The noise was deafening and wouldn’t have been out of place at a pep rally. But the students were not celebrating a sports team; they were gathered in honor of a revered mathematic symbol — pi or 3.14159265 … The infinite number is central to many mathematics, engineering and science formulas and is commonly used to determine the area of a circle.

Sponsored by the Bronx Science Parent Association, the Bronx Science Alumni Association and Math for America, the celebration kicked off at 3:14 p.m. with the raising of the pi symbol, similar to how “the ball” is raised before New Years Eve. For the duration of the competition, the p symbol floated above the room.

After, there was a fierce competition in which students tried to recite from memory as many numbers to the right of pi’s decimal point as they possibly could. In the end, 10th-grader Alexandra LaGrassa was triumphant, reciting 219 digits.
“There’s a rhythm to it,” she said after the battle. “There are a lot of patterns.”
Alexandra, who actually memorized 250 digits but fell just short, said her friend, Jimmy, knew 496 digits.
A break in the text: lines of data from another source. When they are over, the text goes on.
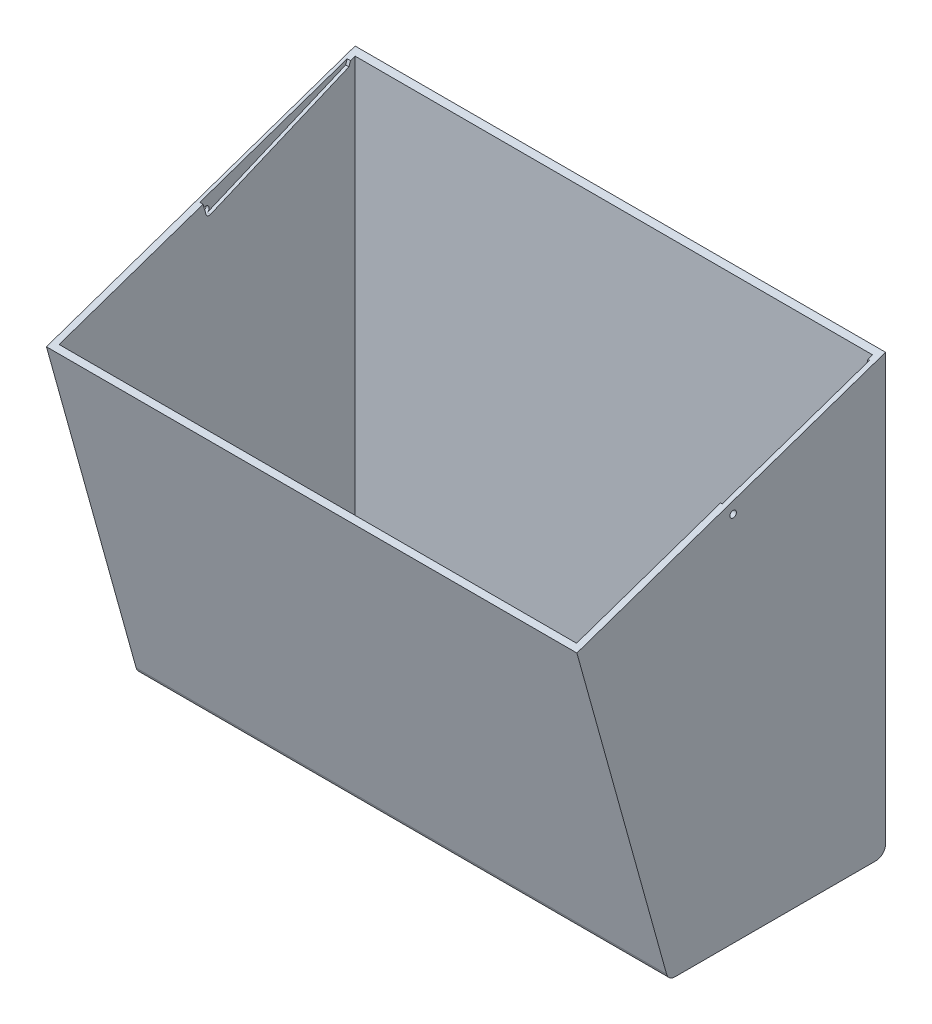
ISO-10303-21;
HEADER;
FILE_DESCRIPTION(('STEP AP214'),'2;1');
FILE_NAME('part.step','',(''),(''),'','','');
FILE_SCHEMA(('AUTOMOTIVE_DESIGN { 1 0 10303 214 1 1 1 1 }'));
ENDSEC;
DATA;
#1=APPLICATION_CONTEXT('core data for automotive mechanical design processes');
#2=APPLICATION_PROTOCOL_DEFINITION('international standard','automotive_design',2000,#1);
#3=PRODUCT_CONTEXT('',#1,'mechanical');
#4=PRODUCT('Part','Part','',(#3));
#5=PRODUCT_RELATED_PRODUCT_CATEGORY('part','',(#4));
#6=PRODUCT_DEFINITION_FORMATION('','',#4);
#7=PRODUCT_DEFINITION_CONTEXT('part definition',#1,'design');
#8=PRODUCT_DEFINITION('design','',#6,#7);
#9=PRODUCT_DEFINITION_SHAPE('','',#8);
#10=(LENGTH_UNIT() NAMED_UNIT(*) SI_UNIT(.MILLI.,.METRE.));
#11=(NAMED_UNIT(*) PLANE_ANGLE_UNIT() SI_UNIT($,.RADIAN.));
#12=(NAMED_UNIT(*) SI_UNIT($,.STERADIAN.) SOLID_ANGLE_UNIT());
#13=UNCERTAINTY_MEASURE_WITH_UNIT(LENGTH_MEASURE(1.E-05),#10,'distance_accuracy_value','');
#14=(GEOMETRIC_REPRESENTATION_CONTEXT(3) GLOBAL_UNCERTAINTY_ASSIGNED_CONTEXT((#13)) GLOBAL_UNIT_ASSIGNED_CONTEXT((#10,
#11,#12)) REPRESENTATION_CONTEXT('',''));
#15=CARTESIAN_POINT('',(0.,0.,0.));
#16=DIRECTION('',(0.,0.,1.));
#17=DIRECTION('',(1.,0.,0.));
#18=AXIS2_PLACEMENT_3D('',#15,#16,#17);
#19=CARTESIAN_POINT('',(330.,-318.691488077077,-100.9));
#20=DIRECTION('',(-1.,0.,0.));
#21=DIRECTION('',(0.,0.,1.));
#22=AXIS2_PLACEMENT_3D('',#19,#20,#21);
#23=PLANE('',#22);
#24=CARTESIAN_POINT('',(330.,-207.504674888679,-57.0650856356226));
#25=DIRECTION('',(-1.,0.,0.));
#26=DIRECTION('',(0.,0.,1.));
#27=AXIS2_PLACEMENT_3D('',#24,#25,#26);
#28=CIRCLE('',#27,0.999999999999998);
#29=CARTESIAN_POINT('',(330.,-207.504674888679,-56.0650856356226));
#30=VERTEX_POINT('',#29);
#31=EDGE_CURVE('E280',#30,#30,#28,.T.);
#32=ORIENTED_EDGE('',*,*,#31,.T.);
#33=EDGE_LOOP('',(#32));
#34=FACE_BOUND('',#33,.T.);
#35=DIRECTION('',(0.,0.325131691734762,-0.94566874910282));
#36=VECTOR('',#35,1.);
#37=CARTESIAN_POINT('',(330.,-220.434086745502,-9.04989839892832));
#38=LINE('',#37,#36);
#39=CARTESIAN_POINT('',(330.,-220.434086745502,-9.04989839892832));
#40=VERTEX_POINT('',#39);
#41=CARTESIAN_POINT('',(330.,-187.823541008395,-103.9));
#42=VERTEX_POINT('',#41);
#43=EDGE_CURVE('E349',#40,#42,#38,.T.);
#44=ORIENTED_EDGE('',*,*,#43,.F.);
#45=DIRECTION('',(0.,0.963531978673682,0.267593210065538));
#46=VECTOR('',#45,1.);
#47=CARTESIAN_POINT('',(330.,-319.713989744254,-36.6220273229737));
#48=LINE('',#47,#46);
#49=CARTESIAN_POINT('',(330.,-319.713989744254,-36.6220273229737));
#50=VERTEX_POINT('',#49);
#51=EDGE_CURVE('E388',#50,#40,#48,.T.);
#52=ORIENTED_EDGE('',*,*,#51,.F.);
#53=CARTESIAN_POINT('',(330.,-318.991488077077,-39.2235636653927));
#54=DIRECTION('',(-1.,0.,0.));
#55=DIRECTION('',(0.,0.,1.));
#56=AXIS2_PLACEMENT_3D('',#53,#54,#55);
#57=CIRCLE('',#56,2.69999999999998);
#58=CARTESIAN_POINT('',(330.,-321.691488077077,-39.2235636653926));
#59=VERTEX_POINT('',#58);
#60=EDGE_CURVE('E384',#59,#50,#57,.T.);
#61=ORIENTED_EDGE('',*,*,#60,.F.);
#62=DIRECTION('',(0.,0.,1.));
#63=VECTOR('',#62,1.);
#64=CARTESIAN_POINT('',(330.,-321.691488077077,-100.9));
#65=LINE('',#64,#63);
#66=CARTESIAN_POINT('',(330.,-321.691488077077,-100.9));
#67=VERTEX_POINT('',#66);
#68=EDGE_CURVE('E380',#67,#59,#65,.T.);
#69=ORIENTED_EDGE('',*,*,#68,.F.);
#70=CARTESIAN_POINT('',(330.,-318.691488077077,-100.9));
#71=DIRECTION('',(-1.,0.,0.));
#72=DIRECTION('',(0.,0.,1.));
#73=AXIS2_PLACEMENT_3D('',#70,#71,#72);
#74=CIRCLE('',#73,3.);
#75=CARTESIAN_POINT('',(330.,-318.691488077077,-103.9));
#76=VERTEX_POINT('',#75);
#77=EDGE_CURVE('E376',#76,#67,#74,.T.);
#78=ORIENTED_EDGE('',*,*,#77,.F.);
#79=DIRECTION('',(0.,-1.,0.));
#80=VECTOR('',#79,1.);
#81=CARTESIAN_POINT('',(330.,-187.823541008395,-103.9));
#82=LINE('',#81,#80);
#83=EDGE_CURVE('E372',#42,#76,#82,.T.);
#84=ORIENTED_EDGE('',*,*,#83,.F.);
#85=EDGE_LOOP('',(#44,#52,#61,#69,#78,#84));
#86=FACE_BOUND('',#85,.T.);
#87=ADVANCED_FACE('F39',(#34,#86),#23,.F.);
#88=CARTESIAN_POINT('',(2.43547298054586,-319.713989744254,-36.6220273229737));
#89=DIRECTION('',(0.,0.267593210065538,-0.963531978673682));
#90=DIRECTION('',(0.,0.963531978673682,0.267593210065538));
#91=AXIS2_PLACEMENT_3D('',#88,#89,#90);
#92=PLANE('',#91);
#93=DIRECTION('',(1.,0.,0.));
#94=VECTOR('',#93,1.);
#95=CARTESIAN_POINT('',(2.43547298054586,-220.434086745502,-9.04989839892832));
#96=LINE('',#95,#94);
#97=CARTESIAN_POINT('',(167.,-220.434086745502,-9.04989839892832));
#98=VERTEX_POINT('',#97);
#99=EDGE_CURVE('E392',#98,#40,#96,.T.);
#100=ORIENTED_EDGE('',*,*,#99,.F.);
#101=DIRECTION('',(0.,-0.963531978673682,-0.267593210065538));
#102=VECTOR('',#101,1.);
#103=CARTESIAN_POINT('',(167.,-319.713989744254,-36.6220273229737));
#104=LINE('',#103,#102);
#105=CARTESIAN_POINT('',(167.,-319.713989744254,-36.6220273229737));
#106=VERTEX_POINT('',#105);
#107=EDGE_CURVE('E358',#98,#106,#104,.T.);
#108=ORIENTED_EDGE('',*,*,#107,.T.);
#109=DIRECTION('',(1.,0.,0.));
#110=VECTOR('',#109,1.);
#111=CARTESIAN_POINT('',(2.43547298054586,-319.713989744254,-36.6220273229737));
#112=LINE('',#111,#110);
#113=EDGE_CURVE('E395',#106,#50,#112,.T.);
#114=ORIENTED_EDGE('',*,*,#113,.T.);
#115=ORIENTED_EDGE('',*,*,#51,.T.);
#116=EDGE_LOOP('',(#100,#108,#114,#115));
#117=FACE_BOUND('',#116,.T.);
#118=ADVANCED_FACE('F414',(#117),#92,.F.);
#119=CARTESIAN_POINT('',(2.43547298054586,-318.991488077077,-39.2235636653927));
#120=DIRECTION('',(1.,0.,0.));
#121=DIRECTION('',(0.,0.,-1.));
#122=AXIS2_PLACEMENT_3D('',#119,#120,#121);
#123=CYLINDRICAL_SURFACE('',#122,2.69999999999998);
#124=ORIENTED_EDGE('',*,*,#113,.F.);
#125=CARTESIAN_POINT('',(167.,-318.991488077077,-39.2235636653927));
#126=DIRECTION('',(1.,0.,0.));
#127=DIRECTION('',(0.,0.,-1.));
#128=AXIS2_PLACEMENT_3D('',#125,#126,#127);
#129=CIRCLE('',#128,2.69999999999998);
#130=CARTESIAN_POINT('',(167.,-321.691488077077,-39.2235636653926));
#131=VERTEX_POINT('',#130);
#132=EDGE_CURVE('E353',#106,#131,#129,.T.);
#133=ORIENTED_EDGE('',*,*,#132,.T.);
#134=DIRECTION('',(1.,0.,0.));
#135=VECTOR('',#134,1.);
#136=CARTESIAN_POINT('',(2.43547298054586,-321.691488077077,-39.2235636653926));
#137=LINE('',#136,#135);
#138=EDGE_CURVE('E398',#131,#59,#137,.T.);
#139=ORIENTED_EDGE('',*,*,#138,.T.);
#140=ORIENTED_EDGE('',*,*,#60,.T.);
#141=EDGE_LOOP('',(#124,#133,#139,#140));
#142=FACE_BOUND('',#141,.T.);
#143=ADVANCED_FACE('F434',(#142),#123,.T.);
#144=CARTESIAN_POINT('',(2.43547298054586,-321.691488077077,-100.9));
#145=DIRECTION('',(0.,1.,0.));
#146=DIRECTION('',(0.,0.,1.));
#147=AXIS2_PLACEMENT_3D('',#144,#145,#146);
#148=PLANE('',#147);
#149=ORIENTED_EDGE('',*,*,#138,.F.);
#150=DIRECTION('',(0.,0.,-1.));
#151=VECTOR('',#150,1.);
#152=CARTESIAN_POINT('',(167.,-321.691488077077,-100.9));
#153=LINE('',#152,#151);
#154=CARTESIAN_POINT('',(167.,-321.691488077077,-100.9));
#155=VERTEX_POINT('',#154);
#156=EDGE_CURVE('E357',#131,#155,#153,.T.);
#157=ORIENTED_EDGE('',*,*,#156,.T.);
#158=DIRECTION('',(1.,0.,0.));
#159=VECTOR('',#158,1.);
#160=CARTESIAN_POINT('',(2.43547298054586,-321.691488077077,-100.9));
#161=LINE('',#160,#159);
#162=EDGE_CURVE('E401',#155,#67,#161,.T.);
#163=ORIENTED_EDGE('',*,*,#162,.T.);
#164=ORIENTED_EDGE('',*,*,#68,.T.);
#165=EDGE_LOOP('',(#149,#157,#163,#164));
#166=FACE_BOUND('',#165,.T.);
#167=ADVANCED_FACE('F431',(#166),#148,.F.);
#168=CARTESIAN_POINT('',(2.43547298054586,-318.691488077077,-100.9));
#169=DIRECTION('',(1.,0.,0.));
#170=DIRECTION('',(0.,0.,-1.));
#171=AXIS2_PLACEMENT_3D('',#168,#169,#170);
#172=CYLINDRICAL_SURFACE('',#171,3.);
#173=ORIENTED_EDGE('',*,*,#162,.F.);
#174=CARTESIAN_POINT('',(167.,-318.691488077077,-100.9));
#175=DIRECTION('',(1.,0.,0.));
#176=DIRECTION('',(0.,0.,-1.));
#177=AXIS2_PLACEMENT_3D('',#174,#175,#176);
#178=CIRCLE('',#177,3.);
#179=CARTESIAN_POINT('',(167.,-318.691488077077,-103.9));
#180=VERTEX_POINT('',#179);
#181=EDGE_CURVE('E362',#155,#180,#178,.T.);
#182=ORIENTED_EDGE('',*,*,#181,.T.);
#183=DIRECTION('',(1.,0.,0.));
#184=VECTOR('',#183,1.);
#185=CARTESIAN_POINT('',(2.43547298054586,-318.691488077077,-103.9));
#186=LINE('',#185,#184);
#187=EDGE_CURVE('E404',#180,#76,#186,.T.);
#188=ORIENTED_EDGE('',*,*,#187,.T.);
#189=ORIENTED_EDGE('',*,*,#77,.T.);
#190=EDGE_LOOP('',(#173,#182,#188,#189));
#191=FACE_BOUND('',#190,.T.);
#192=ADVANCED_FACE('F427',(#191),#172,.T.);
#193=CARTESIAN_POINT('',(2.43547298054586,-187.823541008395,-103.9));
#194=DIRECTION('',(0.,0.,1.));
#195=DIRECTION('',(0.,-1.,0.));
#196=AXIS2_PLACEMENT_3D('',#193,#194,#195);
#197=PLANE('',#196);
#198=ORIENTED_EDGE('',*,*,#187,.F.);
#199=DIRECTION('',(0.,1.,0.));
#200=VECTOR('',#199,1.);
#201=CARTESIAN_POINT('',(167.,-187.823541008395,-103.9));
#202=LINE('',#201,#200);
#203=CARTESIAN_POINT('',(167.,-187.823541008395,-103.9));
#204=VERTEX_POINT('',#203);
#205=EDGE_CURVE('E49',#180,#204,#202,.T.);
#206=ORIENTED_EDGE('',*,*,#205,.T.);
#207=DIRECTION('',(1.,0.,0.));
#208=VECTOR('',#207,1.);
#209=CARTESIAN_POINT('',(2.43547298054586,-187.823541008395,-103.9));
#210=LINE('',#209,#208);
#211=EDGE_CURVE('E407',#204,#42,#210,.T.);
#212=ORIENTED_EDGE('',*,*,#211,.T.);
#213=ORIENTED_EDGE('',*,*,#83,.T.);
#214=EDGE_LOOP('',(#198,#206,#212,#213));
#215=FACE_BOUND('',#214,.T.);
#216=ADVANCED_FACE('F423',(#215),#197,.F.);
#217=CARTESIAN_POINT('',(2.43547298054586,-220.434086745502,-9.04989839892832));
#218=DIRECTION('',(0.,-0.94566874910282,-0.325131691734762));
#219=DIRECTION('',(0.,0.325131691734762,-0.94566874910282));
#220=AXIS2_PLACEMENT_3D('',#217,#218,#219);
#221=PLANE('',#220);
#222=DIRECTION('',(0.,-0.325131691734762,0.94566874910282));
#223=VECTOR('',#222,1.);
#224=CARTESIAN_POINT('',(168.,-221.575247723077,-5.73075018415457));
#225=LINE('',#224,#223);
#226=CARTESIAN_POINT('',(168.,-189.004018832004,-100.466495930189));
#227=VERTEX_POINT('',#226);
#228=CARTESIAN_POINT('',(168.,-204.576471010643,-55.1729064506055));
#229=VERTEX_POINT('',#228);
#230=EDGE_CURVE('E200',#227,#229,#225,.T.);
#231=ORIENTED_EDGE('',*,*,#230,.F.);
#232=DIRECTION('',(1.,0.,0.));
#233=VECTOR('',#232,1.);
#234=CARTESIAN_POINT('',(168.,-189.004018832004,-100.466495930189));
#235=LINE('',#234,#233);
#236=CARTESIAN_POINT('',(169.,-189.004018832004,-100.466495930189));
#237=VERTEX_POINT('',#236);
#238=EDGE_CURVE('E249',#227,#237,#235,.T.);
#239=ORIENTED_EDGE('',*,*,#238,.T.);
#240=DIRECTION('',(0.,-0.325131691734762,0.94566874910282));
#241=VECTOR('',#240,1.);
#242=CARTESIAN_POINT('',(169.,-220.434086745502,-9.04989839892832));
#243=LINE('',#242,#241);
#244=CARTESIAN_POINT('',(169.,-188.511163798179,-101.9));
#245=VERTEX_POINT('',#244);
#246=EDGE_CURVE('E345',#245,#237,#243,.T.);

Lucky for her, a test kept him away from the celebration.
The highlight of the day, however, was a pie-eating contest in which teachers chosen by the students dug into a pastry topped with chocolate frosting and a cherry.

“This is what they’re all waiting for,” Rosemarie Jahoda, assistant principal, said as the din got louder than a playoff game at Madison Square Garden.
The crowd favorite — and, in the end, the winner — was math teacher Kevin Cheung, who looked as though he was going to be sick for the duration of the competition.

“I just ate 6,000 calories. I can’t believe I ate all that myself. Oh my God,” Mr. Cheung gasped after the gluttonous competition was over and students had flocked to the table to snag the remaining pie for themselves.
So what’s the secret to success?

“You can’t chew it,” teacher David Cohen, who grew up in Riverdale and attended Bronx Science, said.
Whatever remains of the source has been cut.